Texas Pacific, under Bonderman’s leadership, currently owns Burger King and J.Crew. In 1993, Texas Pacific bought Continental Airlines. When they sold the company, the return to investors was 950 percent. They bought Ducati (motorcycles) in 1996, and Petco in 2000. The return on those companies was 110 percent and 470 percent. This is a man who knows how to create wealth, how to “triple his speed.”

Bonderman speaks several languages, studied Islamic law in Cairo, worked as a civil rights attorney for the U.S. Justice Department, and has held environmentalist board positions with the World Wildlife Fund, the Wilderness Society, and the Grand Canyon Trust Fund. He is also credited, according to Fortune, with leading the fight to save the historic Washington D.C. hotel, the Willard.

If Bonderman seemed condescending to Sten, it may be because of their profound difference in professional stature. Bonderman is one of the world’s most aggressive wealth creators, and Sten, though credit him for being a local leftist leader, and helping ensconce the new mayor, is still best known for costing Portlanders millions over the Water Bureau’s billing fiasco. A face-off between Bonderman and Sten wouldn’t be a fair fight in most American cities…except Portland.

Says Fortune, “like Enron before it, Texas Pacific misunderstood how different Oregon is from a place like Texas…Texas Pacific seemed tone-deaf when it came to local dynamics.”

Forgive Fortune magazine for not noting the difference between Portland politics and Oregon politics—it’s tough enough for homegrown insiders. But there is still some difference.

Here’s how two insiders describe Portland. The first, Portland police officer Mike Malanaphy, (from a letter decrying the city’s recent plan to opt out of the federal Joint Terrorism Task Force): “Portland has become infamous for bravely fighting for unfettered access to kiddie porn in our public libraries, fighting the Patriot Act, embracing panhandlers as part of the vibrant culture of downtown, banning military recruiters from the public schools, or requiring Rose Festival Navy ships to be nuclear weapons free. It reinforces the stereotype that this town is an eclectic mix of public employees, performance artists, and world class hackey sack players.”
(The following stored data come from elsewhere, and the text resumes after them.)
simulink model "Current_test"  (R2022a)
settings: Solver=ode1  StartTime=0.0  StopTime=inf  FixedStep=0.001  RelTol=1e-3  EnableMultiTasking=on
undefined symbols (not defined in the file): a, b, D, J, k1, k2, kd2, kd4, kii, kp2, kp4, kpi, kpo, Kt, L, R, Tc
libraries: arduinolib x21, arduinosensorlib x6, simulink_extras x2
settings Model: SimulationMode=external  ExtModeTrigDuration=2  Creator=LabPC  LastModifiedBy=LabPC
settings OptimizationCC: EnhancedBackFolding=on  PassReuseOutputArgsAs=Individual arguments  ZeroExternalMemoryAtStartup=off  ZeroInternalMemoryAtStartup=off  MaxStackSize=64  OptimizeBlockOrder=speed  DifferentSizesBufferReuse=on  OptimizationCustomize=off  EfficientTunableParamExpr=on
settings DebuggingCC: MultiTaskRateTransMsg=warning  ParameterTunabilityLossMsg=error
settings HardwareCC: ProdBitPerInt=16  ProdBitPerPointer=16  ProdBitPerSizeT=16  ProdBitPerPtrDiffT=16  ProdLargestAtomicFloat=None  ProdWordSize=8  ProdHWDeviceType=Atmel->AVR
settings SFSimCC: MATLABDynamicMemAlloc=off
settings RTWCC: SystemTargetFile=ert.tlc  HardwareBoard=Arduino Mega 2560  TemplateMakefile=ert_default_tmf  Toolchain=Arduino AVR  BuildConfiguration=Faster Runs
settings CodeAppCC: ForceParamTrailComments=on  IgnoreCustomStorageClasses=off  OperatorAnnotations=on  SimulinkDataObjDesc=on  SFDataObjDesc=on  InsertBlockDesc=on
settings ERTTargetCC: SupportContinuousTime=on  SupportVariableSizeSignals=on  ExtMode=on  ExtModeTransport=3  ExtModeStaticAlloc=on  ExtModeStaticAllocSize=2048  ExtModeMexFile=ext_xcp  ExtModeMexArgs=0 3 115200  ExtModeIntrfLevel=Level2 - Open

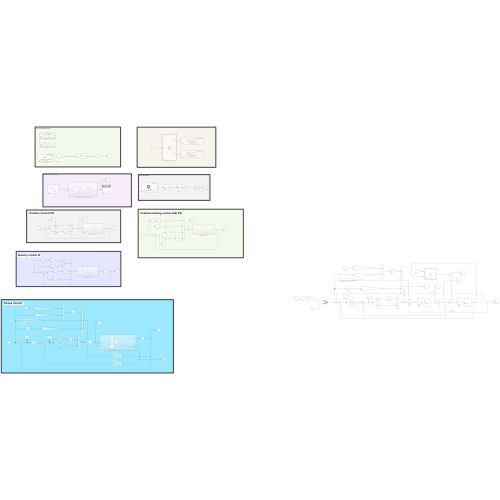
[thumbnail: Simulink's stored preview of the top-level diagram]
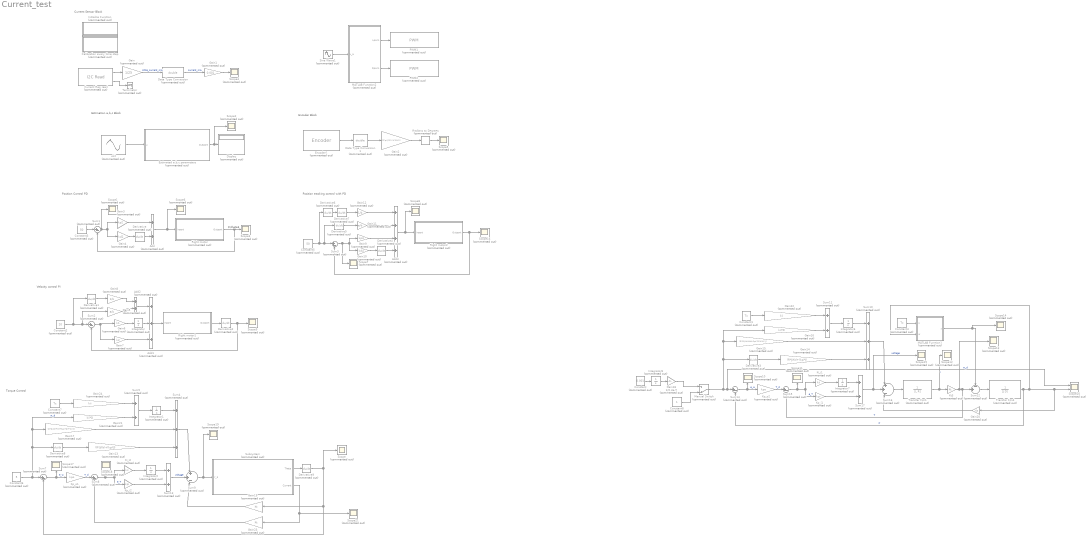
== system Current_test ==
  note: Current Sensor Block
  note: Encoder Block
  note: Estimation a,b,c Block
  note: $\theta$
  note: Position tracking control with PD
  note: Velocity control PI
  note: Torque Control
  note: Position Control PD
  Add : Sum  Commented=on
  Add1 : Sum  Commented=on  Inputs=+++
  Add2 : Sum  Commented=on
  Add3 : Sum  Commented=on  Inputs=++++
  Calibration every time step : Subsystem  Priority=0  Commented=on
  Constant : Constant  Commented=on  Value=0.001
  Constant1 : Constant  Commented=on  Value=Tc
  Constant2 : Constant  Commented=on  Value=20
  Constant3 : Constant  Commented=on  Value=50
  Constant4 : Constant  Commented=on  Value=Tc
  Constant5 : Constant  Commented=on  Value=50
  Constant6 : Constant  Commented=on  Value=5
  Constant7 : Constant  Commented=on  Value=Tc
  Constant8 : Constant  Commented=on
  Current Reg read : arduinolib/I2C Read  Commented=on  I2CModule=0  Mode=Master  SlaveAddress="hex2dec(\"0x40\")"  SlaveByteOrder=BigEndian  Direction=Receiver  RegisterAddressMode=on  RegisterAddress="hex2dec(\"0x04\")"  SlaveDataType=int16  DataLength=1  NoAck=off  RepeatedStart=off  OutputStatus=on  blockPlatform=ARDUINO  SampleTime=0.1
      settings: SourceProductBaseCode=ARDUINO
  Data Type Conversion : DataTypeConversion  Commented=on  OutDataTypeStr=double  SaturateOnIntegerOverflow=off  RndMeth=Floor
  Data Type Conversion1 : DataTypeConversion  Commented=on  OutDataTypeStr=double  SaturateOnIntegerOverflow=off  RndMeth=Floor
  Derivative{,1..9} (10 alike) : Derivative  Commented=on
  Display : Display  Commented=on
  Encoder1 : arduinosensorlib/Encoder  Commented=on  InputA=2  InputB=3  Mode=No reset  SampleTime=-1
      settings: SourceProductBaseCode=ARDUINO
  Estimated a,b,c parameters : Subsystem  Commented=on
  Gain : Gain  Commented=on  Gain=1/25
  Gain1 : Gain  Commented=on  Gain=0.001
  Gain10 : Gain  Commented=on  Gain=kd4
  Gain11 : Gain  Commented=on  Gain=a/b
  Gain12 : Gain  Commented=on  Gain=1/b
  Gain13 : Gain  Commented=on  Gain=(R*J/Kt)+(kpi*J)
  Gain14 : Gain  Commented=on  Gain=(R*J/Kt)+(kpi*J)
  Gain15 : Gain  Commented=on  Gain=(R*D/Kt)+Kt+(kpi*D)+(kii*J)
  Gain16 : Gain  Commented=on  Gain=kii*D
  Gain17 : Gain  Commented=on  Gain=(R*D/Kt)+Kt+(kpi*D)+(kii*J)
  Gain18 : Gain  Commented=on  Gain=1/0.3e-5
  Gain19 : Gain  Commented=on  Gain=Kt
  Gain2 : Gain  Commented=on  Gain=(2*pi)/(11*4*19.2)
  Gain20 : Gain  Commented=on  Gain=Kt
  Gain21 : Gain  Commented=on  Gain=kii*D
  Gain22 : Gain  Commented=on  Gain=kii
  Gain23 : Gain  Commented=on  Gain=Kt
  Gain24 : Gain  Commented=on  Gain=kii
  Gain3 : Gain  Commented=on  Gain=kp2
  Gain4 : Gain  Commented=on  Gain=kd2
  Gain5 : Gain  Commented=on  Gain=a/b
  Gain6 : Gain  Commented=on  Gain=k1
  Gain7 : Gain  Commented=on  Gain=k2
  Gain8 : Gain  Commented=on  Gain=1/b
  Gain9 : Gain  Commented=on  Gain=kp4
  Initialize Function : Subsystem  Commented=on  TreatAsAtomicUnit=on
  Integrator{,1..2,6..8} (6 alike) : Integrator  Commented=on
  Ki_i1 : Gain  Commented=on  Gain=kii
  Ki_i2 : Gain  Commented=on  Gain=kii
  Kp_i1 : Gain  Commented=on  Gain=kpi
  Kp_i2 : Gain  Commented=on  Gain=kpi
  Kp_o1 : Gain  Commented=on  Gain=kpo
  Kp_o2 : Gain  Commented=on  Gain=kpo
  Kt3 : Gain  Commented=on  Gain=Kt
  MATLAB Function1 : MATLAB Function  Commented=on  TreatAsAtomicUnit=on
  MATLAB Function2 : MATLAB Function  Commented=on  TreatAsAtomicUnit=on
  Manual Switch : ManualSwitch  Commented=on  CurrentSetting=0
  PWM1 : arduinolib/PWM  Commented=on  pinNumber=8  frequencyType=Default  desiredFrequency=490.2  achievableFrequency=490.2
  PWM2 : arduinolib/PWM  Commented=on  pinNumber=9  frequencyType=Default  desiredFrequency=490.2  achievableFrequency=490.2
  Radians to Degrees : simulink_extras/Transformations/Radians to Degrees  Commented=on
  Right motor : Subsystem  Commented=on
  Right motor1 : Subsystem  Commented=on
  Right motor2 : Subsystem  Commented=on
  Scope{,1..19,21} (21 alike) : Scope  Commented=on
  Scope20 : Scope  Commented=on  NumInputPorts=2
  Sine Wave1 : Sin  Commented=on  Amplitude=16  Frequency=0.5  SampleTime=0
  Subsystem : Subsystem  Commented=on
  Sum{1..3,7..8,14..15} (7 alike) : Sum  Commented=on  Inputs=|+-
  Sum10 : Sum  Commented=on  Inputs=+++
  Sum{5,11,13,17} (4 alike) : Sum  Commented=on
  Sum12 : Sum  Commented=on  Inputs=-|+||
  Sum16 : Sum  Commented=on  Inputs=|+|+|-|
  Sum4 : Sum  Commented=on  Inputs=+++
  Sum9 : Sum  Commented=on  Inputs=|+|+|-|
  Terminator : Terminator  Commented=on
  Transfer Fcn1 : TransferFcn  Commented=on  Denominator=[L R]
  Transfer Fcn4 : TransferFcn  Commented=on  Denominator=[J D]
  uk2 : Sin  Commented=on  Amplitude=14  Frequency=2*pi*1  SampleTime=0
  wires:
  MATLAB Function2/2(Rpwm) -> PWM2/1
  MATLAB Function2/1(Lpwm) -> PWM1/1
  Current Reg read/2 -> Terminator/1
  Gain/1 -> Data Type Conversion/1  "int16_current_mA"
  Current Reg read/1 -> Gain/1
  Sine Wave1/1 -> MATLAB Function2/1(v_a)
  Data Type Conversion/1 -> Gain1/1  "current_mA"
  Gain1/1 -> Scope4/1
  Gain2/1 -> Radians to Degrees/1
  Data Type Conversion1/1 -> Gain2/1
  Encoder1/1 -> Data Type Conversion1/1
  Radians to Degrees/1 -> Scope5/1
  Estimated a,b,c parameters/1(Outport) -> Scope2/1, Display/1
  uk2/1 -> Estimated a,b,c parameters/1(u)
  Constant3/1 -> Sum1/1
  Derivative/1 -> Add/2
  Gain3/1 -> Add/1
  Gain4/1 -> Derivative/1
  Right motor/1(Outport) -> Sum1/2, Scope3/1
  Sum1/1 -> Scope1/1, Gain4/1, Gain3/1
  Add/1 -> Right motor/1(Inport), Scope6/1
  Gain12/1 -> Add3/1
  Derivative5/1 -> Gain11/1
  Right motor2/1(Outport) -> Sum3/2, Scope16/1
  Add3/1 -> Scope8/1, Right motor2/1(Inport)
  Gain10/1 -> Derivative4/1
  Derivative7/1 -> Gain12/1
  Gain9/1 -> Add3/3
  Gain11/1 -> Add3/2
  Constant5/1 -> Derivative6/1, Derivative5/1, Sum3/1
  Derivative4/1 -> Add3/4
  Sum3/1 -> Scope7/1, Gain9/1, Gain10/1
  Derivative6/1 -> Derivative7/1
  Gain5/1 -> Add2/2
  Right motor1/1(Outport) -> Derivative2/1
  Derivative2/1 -> Scope9/1, Sum2/2
  Constant2/1 -> Gain5/1, Sum2/1, Derivative1/1
  Integrator/1 -> Add1/2
  Gain8/1 -> Add2/1
  Gain7/1 -> Add1/3
  Add2/1 -> Add1/1
  Gain6/1 -> Integrator/1
  Sum2/1 -> Gain6/1, Gain7/1
  Add1/1 -> Right motor1/1(Inport)
  Derivative1/1 -> Gain8/1
  Ki_i2/1 -> Integrator2/1
  Sum4/1 -> Sum9/1
  Sum5/1 -> Integrator1/1
  Derivative8/1 -> Gain13/1
  Gain17/1 -> Sum4/2
  Sum8/1 -> Scope18/1, Kp_i2/1, Ki_i2/1  "e_T"
  Kp_i2/1 -> Sum13/2
  Constant7/1 -> Gain24/1
  Integrator1/1 -> Sum4/1
  Gain24/1 -> Sum5/1
  Kp_o1/1 -> Sum8/1  "T_d"
  Sum13/1 -> Sum9/2  "voltage"
  Gain21/1 -> Sum5/2
  Sum7/1 -> Kp_o1/1, Scope17/1  "e_w"
  Integrator2/1 -> Sum13/1
  Constant6/1 -> Sum7/1, Derivative8/1, Gain17/1, Gain21/1  "w_d"
  Gain13/1 -> Sum4/3
  MATLAB Function1/1(y) -> Sum12/1, Scope14/1
  Sum14/1 -> Scope10/1, Kp_o2/1  "e_w"
  Constant4/1 -> MATLAB Function1/1(u)
  Sum16/1 -> Transfer Fcn1/1
  Sum12/1 -> Transfer Fcn4/1
  Integrator6/1 -> Sum10/1
  Sum15/1 -> Ki_i1/1, Kp_i1/1, Scope11/1  "e_T"
  Transfer Fcn1/1 -> Scope12/1, Kt3/1  "i"
  Manual Switch/1 -> Gain16/1, Gain15/1, Derivative3/1, Scope20/1, Sum14/1  "w_d"
  Gain20/1 -> Sum16/3
  Transfer Fcn4/1 -> Sum14/2, MATLAB Function1/2(w), Scope20/2, Gain20/1  "w"
  Integrator7/1 -> Sum17/1
  Sum10/1 -> Sum16/1
  Kt3/1 -> Scope13/1, Sum15/2, Sum12/2  "T"
  Gain14/1 -> Sum10/3
  Kp_o2/1 -> Sum15/1  "T_d"
  Integrator8/1 -> Gain18/1
  Sum11/1 -> Integrator6/1
  Gain22/1 -> Sum11/1
  Ki_i1/1 -> Integrator7/1
  Gain15/1 -> Sum10/2
  Derivative3/1 -> Gain14/1
  Constant1/1 -> Gain22/1
  Gain16/1 -> Sum11/2
  Sum17/1 -> Scope15/1, Sum16/2  "voltage"
  Kp_i1/1 -> Sum17/2
  Constant/1 -> Integrator8/1
  Constant8/1 -> Manual Switch/2
  Gain18/1 -> Manual Switch/1
  Sum9/1 -> Scope19/1, Subsystem/1(v_a)
  Subsystem/1(Theta) -> Derivative9/1
  Derivative9/1 -> Scope/1, Sum7/2, Gain19/1
  Gain19/1 -> Sum9/3
  Subsystem/2(Current) -> Gain23/1, Scope21/1
  Gain23/1 -> Sum8/2

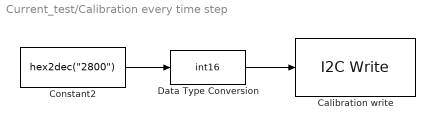
== system Current_test/Calibration every time step ==
  Calibration write : arduinolib/I2C Write  I2CModule=0  Mode=Master  SlaveAddress="uint8(hex2dec(\"0x40\"))"  SlaveByteOrder=BigEndian  Direction=Transmitter  RegisterAddressMode=on  RegisterAddress="uint8(hex2dec(\"0x05\"))"  SlaveDataType=uint8  DataLength=1  NoAck=off  RepeatedStart=off  OutputStatus=off  blockPlatform=ARDUINO
      settings: SourceProductBaseCode=ARDUINO
  Constant2 : Constant  Value="hex2dec(\"2800\")"
  Data Type Conversion : DataTypeConversion  OutDataTypeStr=int16  SaturateOnIntegerOverflow=off  RndMeth=Floor
  wires:
  Constant2/1 -> Data Type Conversion/1
  Data Type Conversion/1 -> Calibration write/1

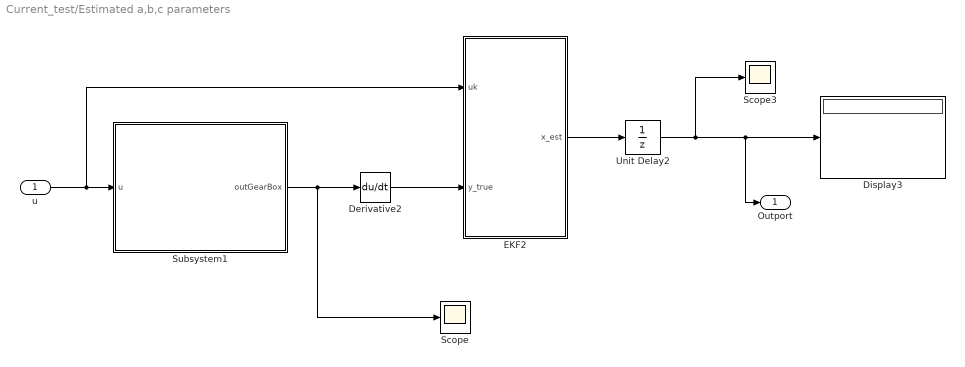
== system Current_test/Estimated a,b,c parameters ==
  u : Inport
  Derivative2 : Derivative
  Display3 : Display
  EKF2 : MATLAB Function  TreatAsAtomicUnit=on
  Scope : Scope
  Scope3 : Scope
  Subsystem1 : Subsystem
  Unit Delay2 : UnitDelay  InitialCondition=[0;0;0;0]  SampleTime=-1  HasFrameUpgradeWarning=on
  Outport : Outport
  wires:
  Derivative2/1 -> EKF2/2(y_true)
  Unit Delay2/1 -> Outport/1, Display3/1, Scope3/1
  EKF2/1(x_est) -> Unit Delay2/1
  Subsystem1/1(outGearBox) -> Scope/1, Derivative2/1
  u/1 -> EKF2/1(uk), Subsystem1/1(u)

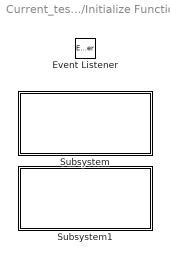
== system Current_test/Initialize Function ==
  Event Listener : EventListener  DisableCoverage=on  EventName=reset
  Subsystem : Subsystem  Priority=0
  Subsystem1 : Subsystem  Priority=1

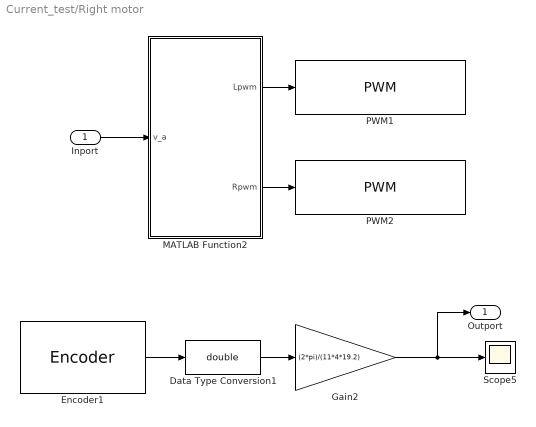
== system Current_test/Right motor ==
  Inport : Inport
  Data Type Conversion1 : DataTypeConversion  OutDataTypeStr=double  SaturateOnIntegerOverflow=off  RndMeth=Floor
  Encoder1 : arduinosensorlib/Encoder  InputA=2  InputB=3  Mode=No reset  SampleTime=-1
      settings: SourceProductBaseCode=ARDUINO
  Gain2 : Gain  Gain=(2*pi)/(11*4*19.2)
  MATLAB Function2 : MATLAB Function  TreatAsAtomicUnit=on
  PWM1 : arduinolib/PWM  pinNumber=8  frequencyType=Default  desiredFrequency=490.2  achievableFrequency=490.2
  PWM2 : arduinolib/PWM  pinNumber=9  frequencyType=Default  desiredFrequency=490.2  achievableFrequency=490.2
  Scope5 : Scope
  Outport : Outport
  wires:
  MATLAB Function2/2(Rpwm) -> PWM2/1
  MATLAB Function2/1(Lpwm) -> PWM1/1
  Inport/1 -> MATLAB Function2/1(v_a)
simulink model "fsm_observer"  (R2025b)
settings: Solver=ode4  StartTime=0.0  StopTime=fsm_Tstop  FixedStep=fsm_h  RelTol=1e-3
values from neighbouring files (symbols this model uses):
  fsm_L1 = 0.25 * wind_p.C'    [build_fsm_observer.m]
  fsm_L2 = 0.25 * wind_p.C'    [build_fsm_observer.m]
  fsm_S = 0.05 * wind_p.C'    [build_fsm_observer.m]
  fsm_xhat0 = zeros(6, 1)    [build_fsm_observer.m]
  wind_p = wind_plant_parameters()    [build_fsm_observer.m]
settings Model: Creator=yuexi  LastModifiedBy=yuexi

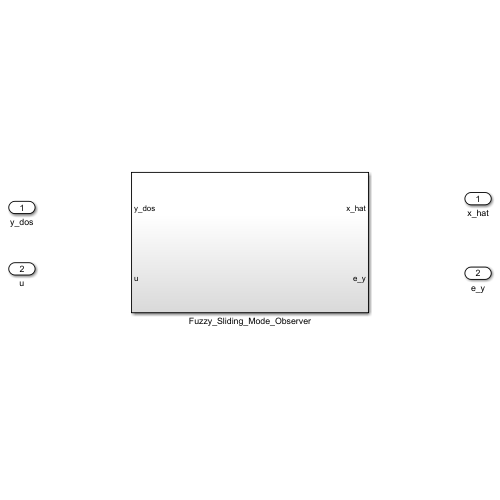
[thumbnail: Simulink's stored preview of the top-level diagram]
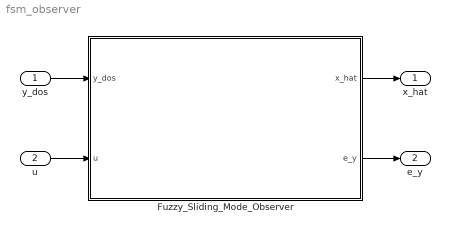
== system fsm_observer ==
  y_dos : Inport
  u : Inport  Port=2
  Fuzzy_Sliding_Mode_Observer : Subsystem
  x_hat : Outport
  e_y : Outport  Port=2
  wires:
  u/1 -> Fuzzy_Sliding_Mode_Observer/2(u)
  y_dos/1 -> Fuzzy_Sliding_Mode_Observer/1(y_dos)
  Fuzzy_Sliding_Mode_Observer/1(x_hat) -> x_hat/1
  Fuzzy_Sliding_Mode_Observer/2(e_y) -> e_y/1

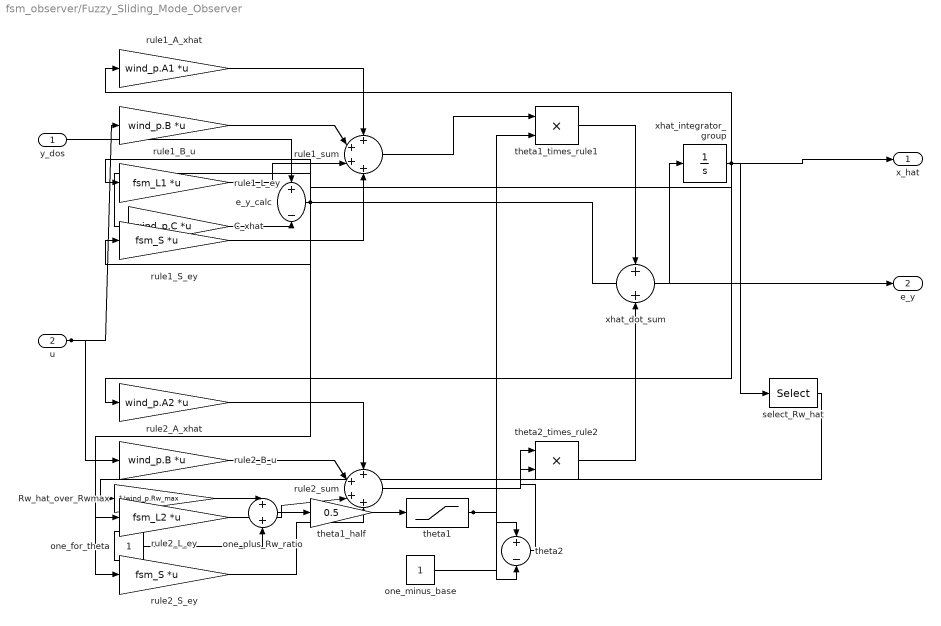
== system fsm_observer/Fuzzy_Sliding_Mode_Observer ==
  y_dos : Inport
  u : Inport  Port=2
  C_xhat : Gain  Gain=wind_p.C  Multiplication=Matrix(K*u)
  Rw_hat_over_Rwmax : Gain  Gain=1/wind_p.Rw_max
  e_y_calc : Sum  Inputs=+-
  one_for_theta : Constant
  one_minus_base : Constant
  one_plus_Rw_ratio : Sum
  rule1_A_xhat : Gain  Gain=wind_p.A1  Multiplication=Matrix(K*u)
  rule1_B_u : Gain  Gain=wind_p.B  Multiplication=Matrix(K*u)
  rule1_L_ey : Gain  Gain=fsm_L1  Multiplication=Matrix(K*u)
  rule1_S_ey : Gain  Gain=fsm_S  Multiplication=Matrix(K*u)
  rule1_sum : Sum  Inputs=++++
  rule2_A_xhat : Gain  Gain=wind_p.A2  Multiplication=Matrix(K*u)
  rule2_B_u : Gain  Gain=wind_p.B  Multiplication=Matrix(K*u)
  rule2_L_ey : Gain  Gain=fsm_L2  Multiplication=Matrix(K*u)
  rule2_S_ey : Gain  Gain=fsm_S  Multiplication=Matrix(K*u)
  rule2_sum : Sum  Inputs=++++
  select_Rw_hat : Selector  InputPortWidth=6  IndexOptions=Index vector (dialog)  Indices=6  OutputSizes=1
  theta1 : Saturate  UpperLimit=1  LowerLimit=0
  theta1_half : Gain  Gain=0.5
  theta1_times_rule1 : Product
  theta2 : Sum  Inputs=+-
  theta2_times_rule2 : Product
  xhat_dot_sum : Sum
  xhat_integrator_group : Integrator  InitialCondition=fsm_xhat0
  x_hat : Outport
  e_y : Outport  Port=2
  wires:
  xhat_integrator_group/1 -> C_xhat/1, x_hat/1, select_Rw_hat/1, rule1_A_xhat/1, rule2_A_xhat/1
  y_dos/1 -> e_y_calc/1
  C_xhat/1 -> e_y_calc/2
  e_y_calc/1 -> e_y/1, rule1_L_ey/1, rule1_S_ey/1, rule2_L_ey/1, rule2_S_ey/1
  select_Rw_hat/1 -> Rw_hat_over_Rwmax/1
  Rw_hat_over_Rwmax/1 -> one_plus_Rw_ratio/1
  one_for_theta/1 -> one_plus_Rw_ratio/2
  one_plus_Rw_ratio/1 -> theta1_half/1
  theta1_half/1 -> theta1/1
  one_minus_base/1 -> theta2/1
  theta1/1 -> theta2/2, theta1_times_rule1/2
  u/1 -> rule1_B_u/1, rule2_B_u/1
  rule1_A_xhat/1 -> rule1_sum/1
  rule1_B_u/1 -> rule1_sum/2
  rule1_L_ey/1 -> rule1_sum/3
  rule1_S_ey/1 -> rule1_sum/4
  rule2_A_xhat/1 -> rule2_sum/1
  rule2_B_u/1 -> rule2_sum/2
  rule2_L_ey/1 -> rule2_sum/3
  rule2_S_ey/1 -> rule2_sum/4
  rule1_sum/1 -> theta1_times_rule1/1
  rule2_sum/1 -> theta2_times_rule2/1
  theta2/1 -> theta2_times_rule2/2
  theta1_times_rule1/1 -> xhat_dot_sum/1
  theta2_times_rule2/1 -> xhat_dot_sum/2
  xhat_dot_sum/1 -> xhat_integrator_group/1

And former PGE executive Robert McCollough, in Fortune magazine: “Oregon is almost ‘embarrassingly naïve.’”

No surprise then, by last month’s end, Texas Pacific’s future in Portland was zero. The other face of Oregon—Portland’s “latte leftist” face that pollster Tim Hibbitts analyed so thoroughly in BrainstormNW as a local electorate growing virulently anti-business/anti-wealth—won the day.

What was lost? The involvement of David Bonderman in our civic affairs, and the loss of PGE’s freedom from its Enron chains. Even more critical is where this new face of Portland politics is dragging the rest of the state. It is impossible to imagine the politics of Erik Sten providing the jobs, incomes and infrastructure that Oregon needs, right now, today, to be globally competitive.

But one thing we know for sure. This other face of Oregon, the Portland face that drags us away from the future, will never have as its “Brand Oregon” tag: “Triple Your Speed.”